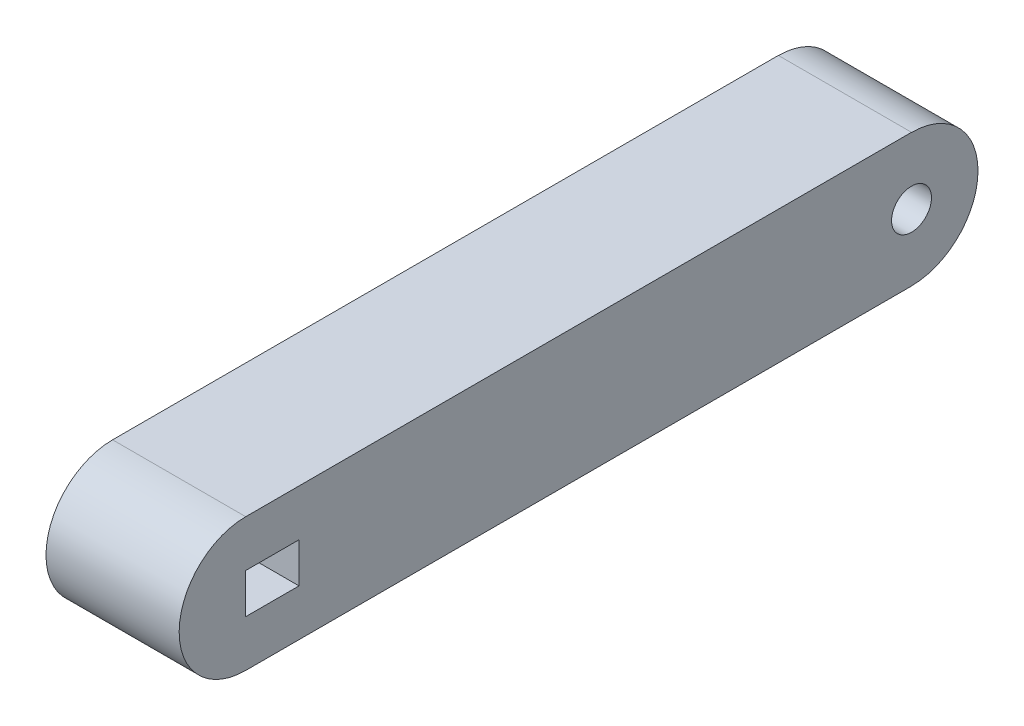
from build123d import *

# Parameters (mm, degrees)
SKETCH1_W           = 127
SKETCH1_H           = 25.4
BOSS_EXTRUDE1_DEPTH = 25.4
SKETCH5_R           = 12.7
BOSS_EXTRUDE3_DEPTH = 25.4
SKETCH26_R          = 12.681296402
BOSS_EXTRUDE4_DEPTH = 25.4
SKETCH27_R          = 3.81
CUT_EXTRUDE1_DEPTH  = 82.319677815
SKETCH29_W          = 10.16
SKETCH29_H          = 7.62
CUT_EXTRUDE4_DEPTH  = 82.319677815


with BuildPart() as part:
    # Sketch1 → Boss-Extrude1 (new body)
    with BuildSketch(Plane(origin=(0, 0, 0), x_dir=(0, 0, -1), z_dir=(1, 0, 0))):
        Rectangle(SKETCH1_W, SKETCH1_H)
    extrude(amount=BOSS_EXTRUDE1_DEPTH)

    # Sketch5 → Boss-Extrude3 (add)
    with BuildSketch(Plane(origin=(0, 0, 0), x_dir=(0, 0, -1), z_dir=(1, 0, 0))):
        with Locations((-63.5, 0)):
            Circle(SKETCH5_R)
    extrude(amount=BOSS_EXTRUDE3_DEPTH)

    # Sketch26 → Boss-Extrude4 (add)
    with BuildSketch(Plane(origin=(25.4, 0, 0), x_dir=(0, 0, -1), z_dir=(1, 0, 0))):
        with Locations((63.5, 0)):
            Circle(SKETCH26_R)
    extrude(amount=-BOSS_EXTRUDE4_DEPTH)

    # Sketch27 → Cut-Extrude1 (cut, through all)
    with BuildSketch(Plane(origin=(25.4, 0, 0), x_dir=(0, 0, -1), z_dir=(1, 0, 0))):
        with Locations((63.5, 0)):
            Circle(SKETCH27_R)
    extrude(amount=-CUT_EXTRUDE1_DEPTH, mode=Mode.SUBTRACT)

    # Sketch29 → Cut-Extrude4 (cut, through all)
    with BuildSketch(Plane(origin=(25.4, 0, 0), x_dir=(0, 0, -1), z_dir=(1, 0, 0))):
        with Locations((-58.42, 0)):
            Rectangle(SKETCH29_W, SKETCH29_H)
    extrude(amount=-CUT_EXTRUDE4_DEPTH, mode=Mode.SUBTRACT)


solid = part.part

================

* About this task
The lines from the one holding "Rectangle(SKETCH1_W, SKETCH1_H)" to the end of the entries are to be repeated exactly, with both ends included and nothing else.

* Solved exercise
        Rectangle(SKETCH1_W, SKETCH1_H)
    extrude(amount=BOSS_EXTRUDE1_DEPTH)

    # Sketch5 → Boss-Extrude3 (add)
    with BuildSketch(Plane(origin=(0, 0, 0), x_dir=(0, 0, -1), z_dir=(1, 0, 0))):
        with Locations((-63.5, 0)):
            Circle(SKETCH5_R)
    extrude(amount=BOSS_EXTRUDE3_DEPTH)

    # Sketch26 → Boss-Extrude4 (add)
    with BuildSketch(Plane(origin=(25.4, 0, 0), x_dir=(0, 0, -1), z_dir=(1, 0, 0))):
        with Locations((63.5, 0)):
            Circle(SKETCH26_R)
    extrude(amount=-BOSS_EXTRUDE4_DEPTH)

    # Sketch27 → Cut-Extrude1 (cut, through all)
    with BuildSketch(Plane(origin=(25.4, 0, 0), x_dir=(0, 0, -1), z_dir=(1, 0, 0))):
        with Locations((63.5, 0)):
            Circle(SKETCH27_R)
    extrude(amount=-CUT_EXTRUDE1_DEPTH, mode=Mode.SUBTRACT)

    # Sketch29 → Cut-Extrude4 (cut, through all)
    with BuildSketch(Plane(origin=(25.4, 0, 0), x_dir=(0, 0, -1), z_dir=(1, 0, 0))):
        with Locations((-58.42, 0)):
            Rectangle(SKETCH29_W, SKETCH29_H)
    extrude(amount=-CUT_EXTRUDE4_DEPTH, mode=Mode.SUBTRACT)


solid = part.part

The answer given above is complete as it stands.